=== Begin Enclosure ===

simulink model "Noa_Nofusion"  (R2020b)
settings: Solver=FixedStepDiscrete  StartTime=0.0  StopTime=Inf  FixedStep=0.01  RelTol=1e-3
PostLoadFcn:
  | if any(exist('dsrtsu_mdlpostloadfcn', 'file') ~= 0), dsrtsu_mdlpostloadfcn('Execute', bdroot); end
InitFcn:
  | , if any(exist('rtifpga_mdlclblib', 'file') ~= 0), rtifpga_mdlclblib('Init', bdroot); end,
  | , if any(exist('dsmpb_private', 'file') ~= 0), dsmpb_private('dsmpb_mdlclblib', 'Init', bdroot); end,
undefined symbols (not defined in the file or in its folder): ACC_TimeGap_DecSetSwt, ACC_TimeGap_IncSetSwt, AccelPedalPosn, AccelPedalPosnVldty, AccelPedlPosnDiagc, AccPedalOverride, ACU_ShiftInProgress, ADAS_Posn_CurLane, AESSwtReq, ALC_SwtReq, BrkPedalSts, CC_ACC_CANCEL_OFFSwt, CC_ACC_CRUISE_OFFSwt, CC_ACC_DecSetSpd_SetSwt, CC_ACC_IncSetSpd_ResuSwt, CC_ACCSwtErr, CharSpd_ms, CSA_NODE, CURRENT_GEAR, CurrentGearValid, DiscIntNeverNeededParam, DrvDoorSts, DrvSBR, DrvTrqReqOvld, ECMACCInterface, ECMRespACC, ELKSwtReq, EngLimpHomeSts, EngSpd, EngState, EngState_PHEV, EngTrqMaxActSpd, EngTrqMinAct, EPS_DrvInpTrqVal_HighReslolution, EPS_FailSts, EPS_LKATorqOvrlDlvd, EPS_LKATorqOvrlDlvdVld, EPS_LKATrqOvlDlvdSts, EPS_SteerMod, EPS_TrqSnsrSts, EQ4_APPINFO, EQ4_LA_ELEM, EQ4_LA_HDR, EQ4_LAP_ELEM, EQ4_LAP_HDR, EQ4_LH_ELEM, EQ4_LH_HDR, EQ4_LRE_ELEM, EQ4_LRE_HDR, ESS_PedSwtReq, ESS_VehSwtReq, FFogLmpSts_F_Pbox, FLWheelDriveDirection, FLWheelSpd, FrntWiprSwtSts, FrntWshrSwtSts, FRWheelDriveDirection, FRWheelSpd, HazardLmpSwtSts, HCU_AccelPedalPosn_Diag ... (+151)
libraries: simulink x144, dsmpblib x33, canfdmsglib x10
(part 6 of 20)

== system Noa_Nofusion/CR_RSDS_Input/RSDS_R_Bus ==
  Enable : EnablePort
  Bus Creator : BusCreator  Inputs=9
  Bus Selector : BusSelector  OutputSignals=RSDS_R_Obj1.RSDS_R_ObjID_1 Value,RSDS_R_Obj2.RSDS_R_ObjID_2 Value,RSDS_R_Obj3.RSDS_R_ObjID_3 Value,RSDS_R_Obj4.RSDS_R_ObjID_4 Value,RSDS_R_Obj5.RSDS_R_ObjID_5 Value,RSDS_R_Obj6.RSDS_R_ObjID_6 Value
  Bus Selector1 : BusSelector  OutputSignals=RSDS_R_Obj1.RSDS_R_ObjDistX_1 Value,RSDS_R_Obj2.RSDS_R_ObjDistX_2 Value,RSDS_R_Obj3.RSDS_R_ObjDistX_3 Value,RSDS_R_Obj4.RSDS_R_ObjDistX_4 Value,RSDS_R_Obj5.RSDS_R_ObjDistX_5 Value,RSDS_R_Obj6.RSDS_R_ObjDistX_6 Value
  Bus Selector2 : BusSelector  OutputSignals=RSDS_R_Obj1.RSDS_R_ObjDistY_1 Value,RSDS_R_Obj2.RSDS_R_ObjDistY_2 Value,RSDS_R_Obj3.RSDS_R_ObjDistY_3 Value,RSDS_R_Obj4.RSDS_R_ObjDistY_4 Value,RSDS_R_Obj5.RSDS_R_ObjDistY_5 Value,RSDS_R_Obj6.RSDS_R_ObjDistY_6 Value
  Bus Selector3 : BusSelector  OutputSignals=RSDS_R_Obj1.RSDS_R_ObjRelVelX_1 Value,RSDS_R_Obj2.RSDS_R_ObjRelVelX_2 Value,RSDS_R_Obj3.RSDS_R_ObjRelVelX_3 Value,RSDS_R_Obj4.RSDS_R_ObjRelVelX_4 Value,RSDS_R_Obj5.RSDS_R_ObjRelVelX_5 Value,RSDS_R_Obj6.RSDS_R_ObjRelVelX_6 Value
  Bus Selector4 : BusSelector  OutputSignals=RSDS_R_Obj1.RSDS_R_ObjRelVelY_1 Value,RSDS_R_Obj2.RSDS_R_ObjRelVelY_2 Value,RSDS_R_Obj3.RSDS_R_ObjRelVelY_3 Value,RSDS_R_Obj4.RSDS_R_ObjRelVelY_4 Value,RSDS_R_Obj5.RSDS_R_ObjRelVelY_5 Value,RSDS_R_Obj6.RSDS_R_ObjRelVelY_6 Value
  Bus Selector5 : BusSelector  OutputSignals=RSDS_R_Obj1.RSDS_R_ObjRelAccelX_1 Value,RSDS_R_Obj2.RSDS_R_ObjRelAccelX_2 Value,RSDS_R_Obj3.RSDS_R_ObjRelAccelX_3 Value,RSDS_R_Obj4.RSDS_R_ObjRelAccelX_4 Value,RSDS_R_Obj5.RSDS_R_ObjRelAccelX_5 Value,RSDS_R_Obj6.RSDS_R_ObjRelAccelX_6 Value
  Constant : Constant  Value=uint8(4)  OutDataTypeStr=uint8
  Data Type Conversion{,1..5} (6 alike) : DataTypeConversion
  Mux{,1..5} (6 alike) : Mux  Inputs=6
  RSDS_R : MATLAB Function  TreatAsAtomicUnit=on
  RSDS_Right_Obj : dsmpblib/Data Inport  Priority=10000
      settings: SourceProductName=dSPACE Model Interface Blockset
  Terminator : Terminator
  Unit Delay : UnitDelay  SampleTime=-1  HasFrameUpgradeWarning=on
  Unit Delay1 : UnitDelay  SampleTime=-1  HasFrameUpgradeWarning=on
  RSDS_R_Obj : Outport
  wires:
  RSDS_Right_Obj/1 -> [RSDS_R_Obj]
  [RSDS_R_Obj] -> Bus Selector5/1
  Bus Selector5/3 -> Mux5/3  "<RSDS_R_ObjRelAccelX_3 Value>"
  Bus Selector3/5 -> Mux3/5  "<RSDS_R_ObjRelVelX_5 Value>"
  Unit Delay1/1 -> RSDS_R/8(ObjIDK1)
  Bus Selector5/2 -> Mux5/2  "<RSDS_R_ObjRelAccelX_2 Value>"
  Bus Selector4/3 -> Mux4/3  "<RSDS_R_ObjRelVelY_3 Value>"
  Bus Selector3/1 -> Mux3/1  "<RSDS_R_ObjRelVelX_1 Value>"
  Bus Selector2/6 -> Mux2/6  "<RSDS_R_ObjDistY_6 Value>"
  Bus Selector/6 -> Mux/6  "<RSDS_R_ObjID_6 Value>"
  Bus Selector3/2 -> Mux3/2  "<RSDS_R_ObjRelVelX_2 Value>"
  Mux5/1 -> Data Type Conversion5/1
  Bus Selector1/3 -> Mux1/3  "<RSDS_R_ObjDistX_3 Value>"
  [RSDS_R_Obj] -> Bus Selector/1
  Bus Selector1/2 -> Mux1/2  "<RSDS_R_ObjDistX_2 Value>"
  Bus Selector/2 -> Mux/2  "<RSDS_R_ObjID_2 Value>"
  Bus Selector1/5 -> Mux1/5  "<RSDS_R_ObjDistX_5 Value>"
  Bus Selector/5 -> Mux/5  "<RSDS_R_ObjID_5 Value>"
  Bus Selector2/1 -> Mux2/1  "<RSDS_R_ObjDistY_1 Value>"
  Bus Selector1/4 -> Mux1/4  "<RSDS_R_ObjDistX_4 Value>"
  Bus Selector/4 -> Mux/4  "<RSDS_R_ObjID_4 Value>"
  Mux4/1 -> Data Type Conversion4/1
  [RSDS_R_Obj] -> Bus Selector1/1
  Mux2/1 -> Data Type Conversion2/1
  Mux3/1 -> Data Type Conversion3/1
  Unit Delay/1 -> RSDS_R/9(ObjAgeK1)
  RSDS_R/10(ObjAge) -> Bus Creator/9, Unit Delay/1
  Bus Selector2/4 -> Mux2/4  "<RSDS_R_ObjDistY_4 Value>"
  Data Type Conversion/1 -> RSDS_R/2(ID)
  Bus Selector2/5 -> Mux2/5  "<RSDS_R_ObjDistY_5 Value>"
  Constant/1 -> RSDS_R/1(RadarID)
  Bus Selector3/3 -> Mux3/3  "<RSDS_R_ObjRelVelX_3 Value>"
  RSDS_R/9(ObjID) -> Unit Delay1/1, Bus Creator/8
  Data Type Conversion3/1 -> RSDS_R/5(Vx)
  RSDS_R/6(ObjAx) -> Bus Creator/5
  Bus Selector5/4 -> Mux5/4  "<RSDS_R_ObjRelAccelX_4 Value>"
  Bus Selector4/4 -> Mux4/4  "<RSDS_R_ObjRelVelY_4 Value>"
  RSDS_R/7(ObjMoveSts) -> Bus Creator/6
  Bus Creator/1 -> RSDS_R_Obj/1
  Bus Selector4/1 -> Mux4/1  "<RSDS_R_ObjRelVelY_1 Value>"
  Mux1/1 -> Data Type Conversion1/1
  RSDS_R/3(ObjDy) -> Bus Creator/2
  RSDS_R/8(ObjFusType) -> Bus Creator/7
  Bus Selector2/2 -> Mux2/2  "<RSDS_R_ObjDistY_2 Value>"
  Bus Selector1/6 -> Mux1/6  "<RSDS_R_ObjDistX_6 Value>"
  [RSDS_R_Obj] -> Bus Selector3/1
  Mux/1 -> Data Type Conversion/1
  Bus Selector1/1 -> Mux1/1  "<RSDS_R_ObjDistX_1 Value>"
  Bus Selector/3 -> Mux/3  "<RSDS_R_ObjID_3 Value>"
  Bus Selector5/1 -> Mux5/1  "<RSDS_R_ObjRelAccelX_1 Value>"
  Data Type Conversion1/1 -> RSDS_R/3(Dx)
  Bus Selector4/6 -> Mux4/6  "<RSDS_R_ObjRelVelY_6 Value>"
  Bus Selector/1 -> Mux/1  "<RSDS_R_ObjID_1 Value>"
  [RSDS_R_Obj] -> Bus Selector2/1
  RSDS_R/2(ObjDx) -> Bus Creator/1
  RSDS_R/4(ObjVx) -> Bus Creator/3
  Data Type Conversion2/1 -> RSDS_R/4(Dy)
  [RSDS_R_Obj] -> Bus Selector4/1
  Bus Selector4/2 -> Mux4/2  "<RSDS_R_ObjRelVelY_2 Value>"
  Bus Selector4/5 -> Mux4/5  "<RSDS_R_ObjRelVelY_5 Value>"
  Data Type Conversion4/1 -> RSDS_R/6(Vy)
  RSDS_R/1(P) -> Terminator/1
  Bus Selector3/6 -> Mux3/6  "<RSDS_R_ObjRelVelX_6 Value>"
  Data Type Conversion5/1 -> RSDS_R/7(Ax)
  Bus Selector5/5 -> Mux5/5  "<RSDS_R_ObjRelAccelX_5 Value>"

=== End Enclosure ===

ACTIVITY » Extract every line containing the string "bdroot" from the material.

ANSWER SPACE »
  | if any(exist('dsrtsu_mdlpostloadfcn', 'file') ~= 0), dsrtsu_mdlpostloadfcn('Execute', bdroot); end
  | , if any(exist('rtifpga_mdlclblib', 'file') ~= 0), rtifpga_mdlclblib('Init', bdroot); end,
  | , if any(exist('dsmpb_private', 'file') ~= 0), dsmpb_private('dsmpb_mdlclblib', 'Init', bdroot); end,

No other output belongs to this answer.